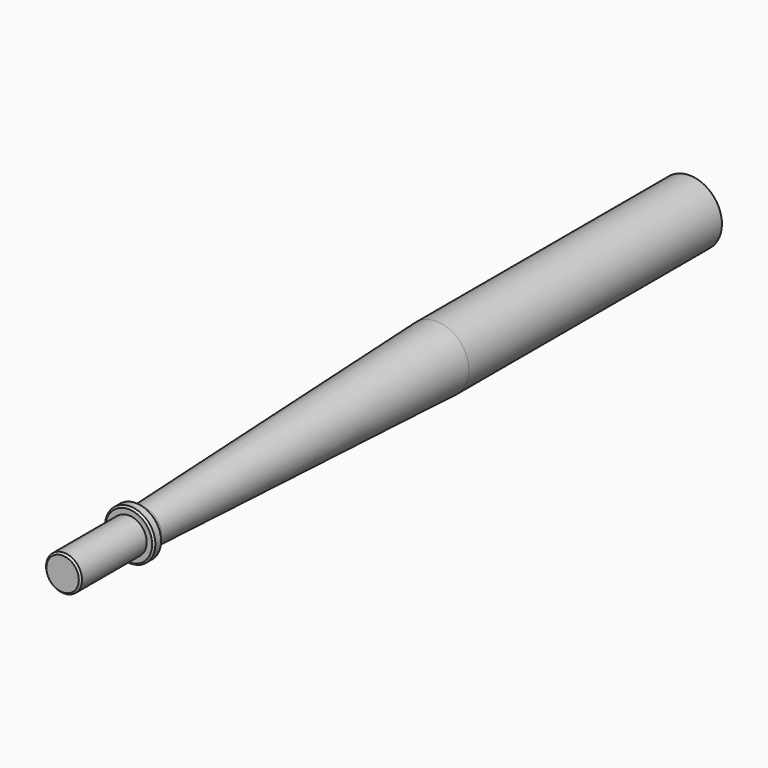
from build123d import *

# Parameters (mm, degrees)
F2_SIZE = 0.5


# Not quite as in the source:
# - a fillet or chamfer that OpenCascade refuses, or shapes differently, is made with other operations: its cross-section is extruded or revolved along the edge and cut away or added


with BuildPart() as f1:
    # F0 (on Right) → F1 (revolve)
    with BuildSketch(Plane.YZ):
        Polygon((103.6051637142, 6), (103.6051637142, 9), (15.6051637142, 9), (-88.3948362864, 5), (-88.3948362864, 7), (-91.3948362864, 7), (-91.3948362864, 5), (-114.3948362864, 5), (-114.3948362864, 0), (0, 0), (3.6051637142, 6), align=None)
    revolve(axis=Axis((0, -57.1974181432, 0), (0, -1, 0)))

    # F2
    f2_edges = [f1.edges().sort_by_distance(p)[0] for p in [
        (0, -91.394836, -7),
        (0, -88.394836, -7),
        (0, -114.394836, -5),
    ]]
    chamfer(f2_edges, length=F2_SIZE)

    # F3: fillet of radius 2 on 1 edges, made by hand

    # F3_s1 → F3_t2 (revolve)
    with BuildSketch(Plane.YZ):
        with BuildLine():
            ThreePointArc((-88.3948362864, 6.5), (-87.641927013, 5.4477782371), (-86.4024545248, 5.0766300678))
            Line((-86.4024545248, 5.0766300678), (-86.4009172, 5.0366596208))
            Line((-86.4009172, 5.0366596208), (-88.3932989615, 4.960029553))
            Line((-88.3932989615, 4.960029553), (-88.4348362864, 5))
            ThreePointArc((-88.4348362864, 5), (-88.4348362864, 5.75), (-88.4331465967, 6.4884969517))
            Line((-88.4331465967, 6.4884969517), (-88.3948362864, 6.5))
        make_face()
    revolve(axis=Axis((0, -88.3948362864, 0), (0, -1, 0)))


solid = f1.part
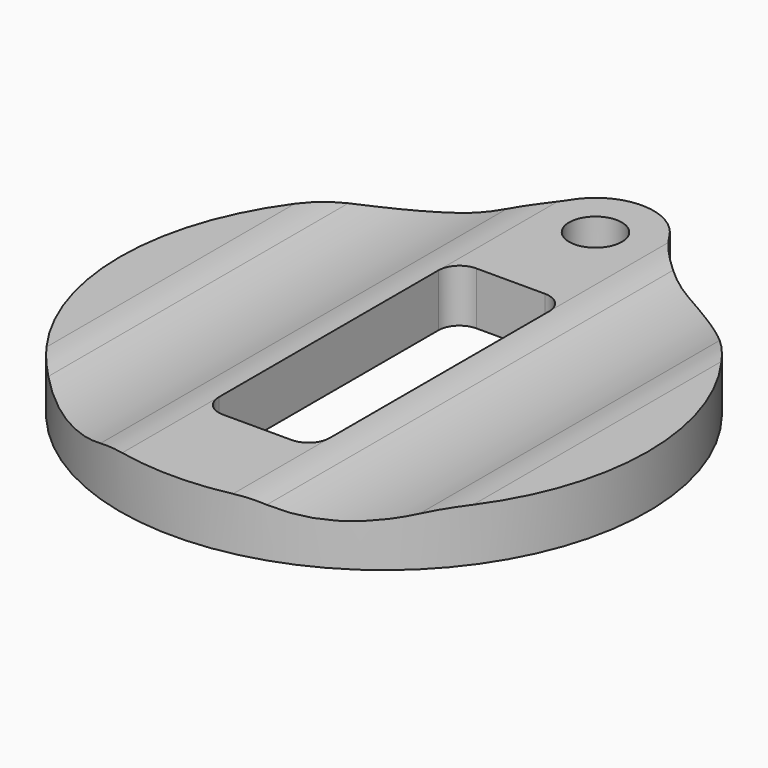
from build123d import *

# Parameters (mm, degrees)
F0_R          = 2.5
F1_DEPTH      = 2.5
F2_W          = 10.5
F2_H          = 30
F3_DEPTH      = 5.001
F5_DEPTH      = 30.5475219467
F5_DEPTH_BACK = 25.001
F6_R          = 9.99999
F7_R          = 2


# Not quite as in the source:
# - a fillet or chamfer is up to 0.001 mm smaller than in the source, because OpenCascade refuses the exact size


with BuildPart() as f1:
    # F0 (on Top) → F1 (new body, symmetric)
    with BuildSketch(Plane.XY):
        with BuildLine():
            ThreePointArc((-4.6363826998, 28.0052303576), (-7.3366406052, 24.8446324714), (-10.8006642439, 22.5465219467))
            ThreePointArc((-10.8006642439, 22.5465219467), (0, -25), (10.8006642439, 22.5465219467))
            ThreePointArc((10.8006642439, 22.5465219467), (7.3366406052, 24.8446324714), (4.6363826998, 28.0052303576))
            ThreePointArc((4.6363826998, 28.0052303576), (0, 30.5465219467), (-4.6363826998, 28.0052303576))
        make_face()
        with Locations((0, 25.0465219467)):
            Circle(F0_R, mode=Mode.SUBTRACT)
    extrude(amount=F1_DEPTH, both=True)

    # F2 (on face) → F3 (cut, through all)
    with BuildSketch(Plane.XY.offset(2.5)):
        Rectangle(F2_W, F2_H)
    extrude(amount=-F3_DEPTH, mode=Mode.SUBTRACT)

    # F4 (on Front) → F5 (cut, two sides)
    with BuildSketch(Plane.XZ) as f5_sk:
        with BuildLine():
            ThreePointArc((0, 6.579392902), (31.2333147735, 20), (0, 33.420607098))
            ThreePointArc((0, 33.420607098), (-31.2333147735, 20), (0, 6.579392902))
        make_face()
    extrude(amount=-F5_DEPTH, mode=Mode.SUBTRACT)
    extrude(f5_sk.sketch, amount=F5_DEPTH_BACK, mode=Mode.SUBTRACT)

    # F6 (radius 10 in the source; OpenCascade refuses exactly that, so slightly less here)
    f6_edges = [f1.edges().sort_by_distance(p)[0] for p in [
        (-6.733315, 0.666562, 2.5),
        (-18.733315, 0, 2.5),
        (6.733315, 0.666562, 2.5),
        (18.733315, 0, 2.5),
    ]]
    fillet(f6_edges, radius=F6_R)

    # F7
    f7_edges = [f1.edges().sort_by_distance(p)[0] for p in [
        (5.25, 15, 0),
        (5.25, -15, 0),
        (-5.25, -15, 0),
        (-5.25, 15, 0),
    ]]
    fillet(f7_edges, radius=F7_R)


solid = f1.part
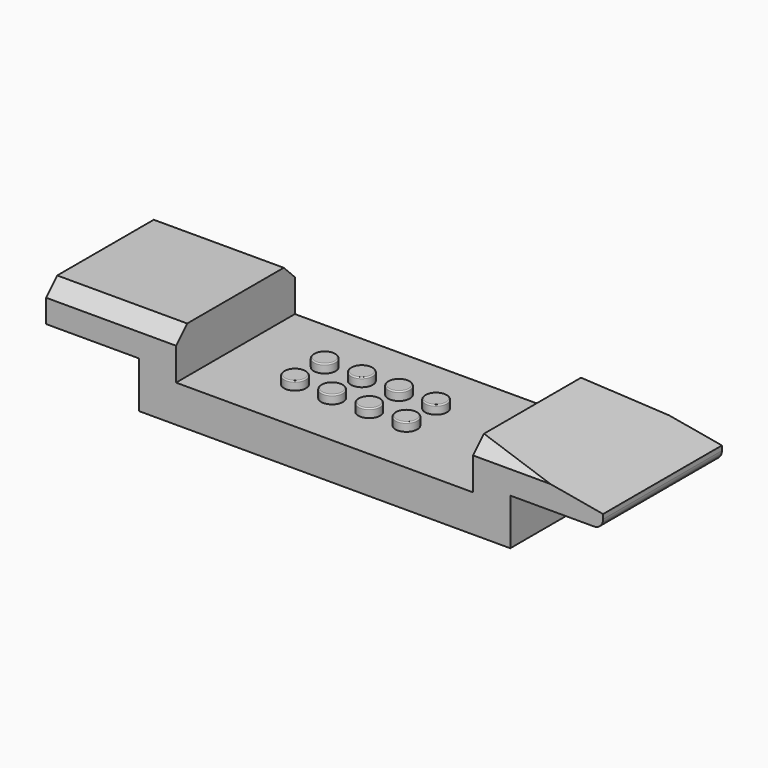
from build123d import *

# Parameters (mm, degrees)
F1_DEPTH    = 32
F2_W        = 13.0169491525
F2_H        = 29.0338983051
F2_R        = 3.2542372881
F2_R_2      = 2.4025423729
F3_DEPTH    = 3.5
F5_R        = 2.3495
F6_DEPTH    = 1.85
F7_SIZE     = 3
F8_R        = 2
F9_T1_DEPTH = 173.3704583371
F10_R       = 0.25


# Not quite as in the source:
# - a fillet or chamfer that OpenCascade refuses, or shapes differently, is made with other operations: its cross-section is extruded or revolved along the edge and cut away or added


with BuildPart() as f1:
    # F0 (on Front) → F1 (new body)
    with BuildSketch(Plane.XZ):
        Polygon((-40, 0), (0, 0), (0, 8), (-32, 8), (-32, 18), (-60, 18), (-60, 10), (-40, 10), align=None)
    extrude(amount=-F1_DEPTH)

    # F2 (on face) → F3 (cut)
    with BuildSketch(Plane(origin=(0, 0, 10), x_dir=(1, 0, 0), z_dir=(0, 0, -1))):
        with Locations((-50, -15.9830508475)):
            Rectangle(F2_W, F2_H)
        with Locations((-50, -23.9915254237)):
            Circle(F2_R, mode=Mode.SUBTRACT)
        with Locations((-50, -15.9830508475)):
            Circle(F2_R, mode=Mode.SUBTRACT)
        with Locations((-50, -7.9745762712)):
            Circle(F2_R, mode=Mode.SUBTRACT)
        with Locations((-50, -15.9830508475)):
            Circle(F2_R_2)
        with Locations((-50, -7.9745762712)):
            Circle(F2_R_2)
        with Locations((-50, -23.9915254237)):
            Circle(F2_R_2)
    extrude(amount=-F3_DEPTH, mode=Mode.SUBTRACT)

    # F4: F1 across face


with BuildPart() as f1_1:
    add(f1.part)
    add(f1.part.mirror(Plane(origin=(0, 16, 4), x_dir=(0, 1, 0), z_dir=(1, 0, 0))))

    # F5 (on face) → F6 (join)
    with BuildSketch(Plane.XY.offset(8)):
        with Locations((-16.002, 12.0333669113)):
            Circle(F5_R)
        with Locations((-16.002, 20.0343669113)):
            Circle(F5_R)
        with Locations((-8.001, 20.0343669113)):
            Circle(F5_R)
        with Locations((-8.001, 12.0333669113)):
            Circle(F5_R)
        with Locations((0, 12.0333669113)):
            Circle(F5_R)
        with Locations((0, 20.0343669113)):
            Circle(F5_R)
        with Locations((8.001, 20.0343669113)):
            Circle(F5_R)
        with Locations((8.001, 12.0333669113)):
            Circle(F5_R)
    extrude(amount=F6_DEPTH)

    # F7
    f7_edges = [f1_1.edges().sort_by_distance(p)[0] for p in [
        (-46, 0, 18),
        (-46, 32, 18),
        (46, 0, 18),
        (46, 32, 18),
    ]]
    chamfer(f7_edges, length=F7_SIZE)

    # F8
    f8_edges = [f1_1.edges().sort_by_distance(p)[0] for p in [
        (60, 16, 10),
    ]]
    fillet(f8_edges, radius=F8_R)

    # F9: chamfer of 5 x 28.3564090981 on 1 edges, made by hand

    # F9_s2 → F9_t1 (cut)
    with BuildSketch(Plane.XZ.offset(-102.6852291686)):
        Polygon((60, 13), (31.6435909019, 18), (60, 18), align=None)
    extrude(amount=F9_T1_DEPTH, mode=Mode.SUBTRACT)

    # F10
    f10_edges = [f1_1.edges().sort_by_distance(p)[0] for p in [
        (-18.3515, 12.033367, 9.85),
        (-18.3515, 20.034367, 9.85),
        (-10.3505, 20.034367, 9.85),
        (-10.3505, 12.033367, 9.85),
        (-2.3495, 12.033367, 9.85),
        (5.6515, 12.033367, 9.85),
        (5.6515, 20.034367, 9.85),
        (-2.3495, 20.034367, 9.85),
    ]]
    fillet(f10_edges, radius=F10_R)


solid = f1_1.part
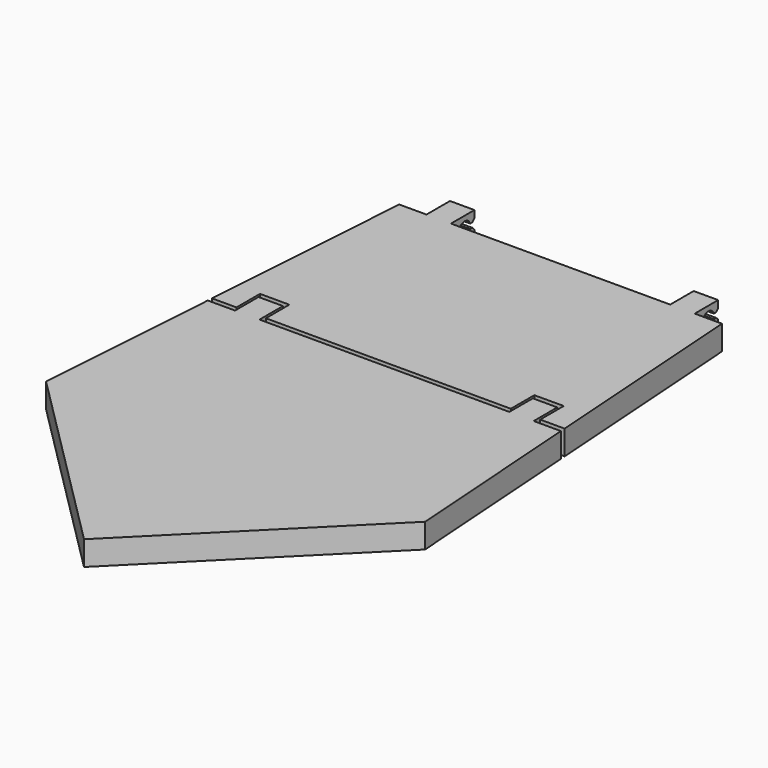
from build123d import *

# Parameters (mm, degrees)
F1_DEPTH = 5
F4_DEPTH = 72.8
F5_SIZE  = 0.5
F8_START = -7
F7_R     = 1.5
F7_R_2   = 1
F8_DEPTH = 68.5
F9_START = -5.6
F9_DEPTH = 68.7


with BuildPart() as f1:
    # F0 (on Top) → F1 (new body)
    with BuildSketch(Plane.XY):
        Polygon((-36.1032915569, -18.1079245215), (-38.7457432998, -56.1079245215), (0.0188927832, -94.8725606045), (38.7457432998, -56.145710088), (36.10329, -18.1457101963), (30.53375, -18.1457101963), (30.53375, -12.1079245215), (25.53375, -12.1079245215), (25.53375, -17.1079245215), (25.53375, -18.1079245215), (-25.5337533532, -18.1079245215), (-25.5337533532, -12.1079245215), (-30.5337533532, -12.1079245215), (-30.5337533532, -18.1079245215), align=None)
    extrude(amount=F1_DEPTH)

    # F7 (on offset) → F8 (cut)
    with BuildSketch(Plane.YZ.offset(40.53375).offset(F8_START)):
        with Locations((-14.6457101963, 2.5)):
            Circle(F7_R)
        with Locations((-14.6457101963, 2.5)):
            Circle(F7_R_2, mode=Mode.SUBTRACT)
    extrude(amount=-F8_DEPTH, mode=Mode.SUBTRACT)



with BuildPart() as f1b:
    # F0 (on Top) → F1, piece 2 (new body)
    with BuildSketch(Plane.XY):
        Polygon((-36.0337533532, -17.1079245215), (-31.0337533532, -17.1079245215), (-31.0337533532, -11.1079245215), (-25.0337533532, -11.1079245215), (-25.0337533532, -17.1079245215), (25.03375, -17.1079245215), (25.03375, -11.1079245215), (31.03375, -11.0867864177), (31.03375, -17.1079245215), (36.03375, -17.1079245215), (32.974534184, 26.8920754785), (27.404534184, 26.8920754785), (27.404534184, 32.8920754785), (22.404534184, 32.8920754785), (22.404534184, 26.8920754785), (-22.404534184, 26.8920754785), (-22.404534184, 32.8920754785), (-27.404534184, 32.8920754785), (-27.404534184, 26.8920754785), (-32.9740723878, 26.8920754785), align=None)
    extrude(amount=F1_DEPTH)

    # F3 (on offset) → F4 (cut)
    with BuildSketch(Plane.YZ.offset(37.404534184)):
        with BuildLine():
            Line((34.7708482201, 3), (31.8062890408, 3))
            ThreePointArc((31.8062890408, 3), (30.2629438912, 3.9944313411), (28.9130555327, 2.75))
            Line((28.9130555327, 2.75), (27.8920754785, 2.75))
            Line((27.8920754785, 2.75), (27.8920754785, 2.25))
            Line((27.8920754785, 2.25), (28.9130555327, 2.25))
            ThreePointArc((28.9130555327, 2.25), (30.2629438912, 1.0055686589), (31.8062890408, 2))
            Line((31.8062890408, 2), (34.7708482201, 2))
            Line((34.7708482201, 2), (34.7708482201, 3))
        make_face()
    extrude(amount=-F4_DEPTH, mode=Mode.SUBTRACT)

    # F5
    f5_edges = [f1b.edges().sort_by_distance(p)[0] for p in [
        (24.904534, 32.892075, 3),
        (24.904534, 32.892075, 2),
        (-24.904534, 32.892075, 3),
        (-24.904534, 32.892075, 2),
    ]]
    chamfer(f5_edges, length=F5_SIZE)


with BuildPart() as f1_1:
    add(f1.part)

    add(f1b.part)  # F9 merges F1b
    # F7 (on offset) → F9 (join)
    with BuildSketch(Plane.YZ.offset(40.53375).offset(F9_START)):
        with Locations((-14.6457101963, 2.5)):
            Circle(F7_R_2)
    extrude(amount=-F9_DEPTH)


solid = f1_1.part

**Task item:**
In the entries above, identify every line with the string "mode".

**Answer to this problem:**
            Circle(F0_R, mode=Mode.SUBTRACT)
    extrude(amount=-F3_DEPTH, mode=Mode.SUBTRACT)
    extrude(amount=-F5_DEPTH, mode=Mode.SUBTRACT)
    extrude(f5_sk.sketch, amount=F5_DEPTH_BACK, mode=Mode.SUBTRACT)
            Circle(F2_R, mode=Mode.SUBTRACT)
            Circle(F2_R, mode=Mode.SUBTRACT)
            Circle(F2_R, mode=Mode.SUBTRACT)
    extrude(amount=-F3_DEPTH, mode=Mode.SUBTRACT)
    extrude(amount=F9_T1_DEPTH, mode=Mode.SUBTRACT)
            Circle(F7_R_2, mode=Mode.SUBTRACT)
    extrude(amount=-F8_DEPTH, mode=Mode.SUBTRACT)
    extrude(amount=-F4_DEPTH, mode=Mode.SUBTRACT)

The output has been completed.